Please write out the full listing beneath this line exactly, skipping its images.
——
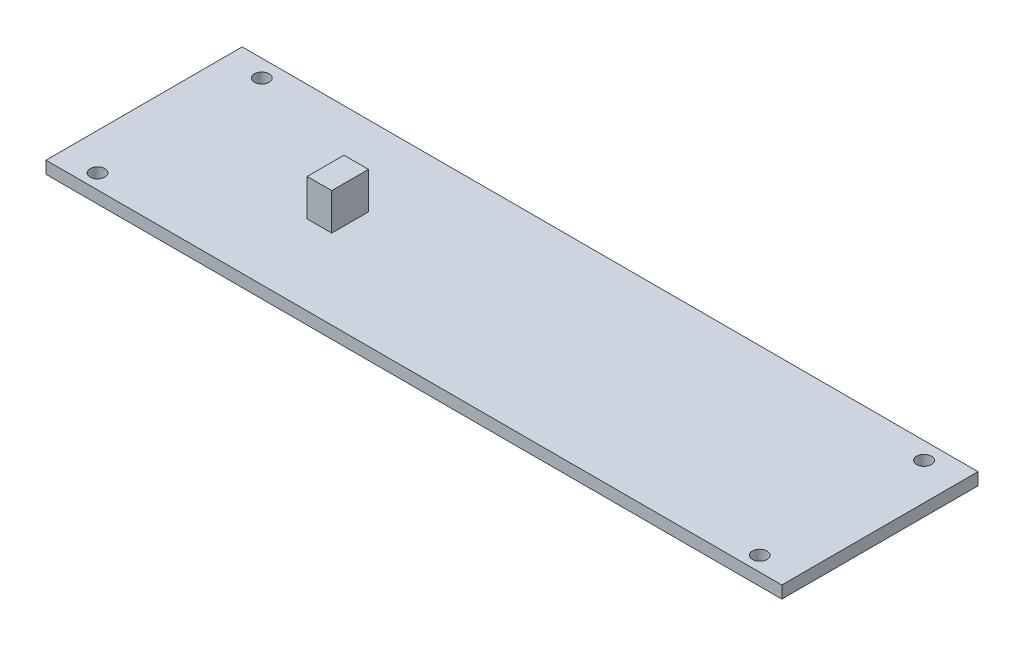
SolidWorks part; units mm, degrees
ref_plane "Front Plane" through (0, 0, 0) normal (0, 0, 1) x (1, 0, 0)
ref_plane "Top Plane" through (0, 0, 0) normal (0, 1, 0) x (1, 0, 0)
ref_plane "Right Plane" through (0, 0, 0) normal (1, 0, 0) x (0, 0, -1)
sketch "Sketch1" plane through (0, 0, 0) normal (0, 1, 0) x (1, 0, 0)
  line L1 (0, 0) -> (300, 0)
  line L2 (0, 0) -> (0, -80)
  line L3 (0, -80) -> (300, -80)
  line L4 (300, 0) -> (300, -80)
  dimension "D1" = 80
  dimension "D2" = 300
extrude "Boss-Extrude1" add sketch "Sketch1" along normal blind 5
sketch "Sketch2" plane through (0, 5, 0) normal (0, 1, 0) x (1, 0, 0)
  line L0 (300, 0) -> (0, 0) construction
  line L1 (0, 0) -> (0, -80) construction
  line L2 (150, 0) -> (150, -80) construction
  line L3 (0, -80) -> (300, -80) construction
  circle A0 centre (15, -7) radius 3
  circle A1 centre (15, -74) radius 3
  circle A2 centre (285, -7) radius 3
  circle A3 centre (285, -74) radius 3
  dimension "D1" = 6
  dimension "D2" = 6
  dimension "D5" = 67
  dimension "D6" = 7
  dimension "D7" = 15
  dimension "D8" = 15
extrude "Cut-Extrude2" cut sketch "Sketch2" against normal blind 5
sketch "Sketch4" plane through (0, 0, 0) normal (0, 1, 0) x (1, 0, 0)
  line L0 (0, 0) -> (0, -80) construction
  line L1 (84, -47.5) -> (74, -47.5)
  line L2 (84, -47.5) -> (84, -32.5)
  line L3 (84, -32.5) -> (74, -32.5)
  line L4 (74, -47.5) -> (74, -32.5)
  line L5 (300, 0) -> (0, 0) construction
  dimension "D1" = 15
  dimension "D2" = 10
  dimension "D3" = 74
  dimension "D4" = 32.5
extrude "Boss-Extrude2" add sketch "Sketch4" along normal blind 20
——
■ Response area
SolidWorks part; units mm, degrees
ref_plane "Front Plane" through (0, 0, 0) normal (0, 0, 1) x (1, 0, 0)
ref_plane "Top Plane" through (0, 0, 0) normal (0, 1, 0) x (1, 0, 0)
ref_plane "Right Plane" through (0, 0, 0) normal (1, 0, 0) x (0, 0, -1)
sketch "Sketch1" plane through (0, 0, 0) normal (0, 1, 0) x (1, 0, 0)
  line L1 (0, 0) -> (300, 0)
  line L2 (0, 0) -> (0, -80)
  line L3 (0, -80) -> (300, -80)
  line L4 (300, 0) -> (300, -80)
  dimension "D1" = 80
  dimension "D2" = 300
extrude "Boss-Extrude1" add sketch "Sketch1" along normal blind 5
sketch "Sketch2" plane through (0, 5, 0) normal (0, 1, 0) x (1, 0, 0)
  line L0 (300, 0) -> (0, 0) construction
  line L1 (0, 0) -> (0, -80) construction
  line L2 (150, 0) -> (150, -80) construction
  line L3 (0, -80) -> (300, -80) construction
  circle A0 centre (15, -7) radius 3
  circle A1 centre (15, -74) radius 3
  circle A2 centre (285, -7) radius 3
  circle A3 centre (285, -74) radius 3
  dimension "D1" = 6
  dimension "D2" = 6
  dimension "D5" = 67
  dimension "D6" = 7
  dimension "D7" = 15
  dimension "D8" = 15
extrude "Cut-Extrude2" cut sketch "Sketch2" against normal blind 5
sketch "Sketch4" plane through (0, 0, 0) normal (0, 1, 0) x (1, 0, 0)
  line L0 (0, 0) -> (0, -80) construction
  line L1 (84, -47.5) -> (74, -47.5)
  line L2 (84, -47.5) -> (84, -32.5)
  line L3 (84, -32.5) -> (74, -32.5)
  line L4 (74, -47.5) -> (74, -32.5)
  line L5 (300, 0) -> (0, 0) construction
  dimension "D1" = 15
  dimension "D2" = 10
  dimension "D3" = 74
  dimension "D4" = 32.5
extrude "Boss-Extrude2" add sketch "Sketch4" along normal blind 20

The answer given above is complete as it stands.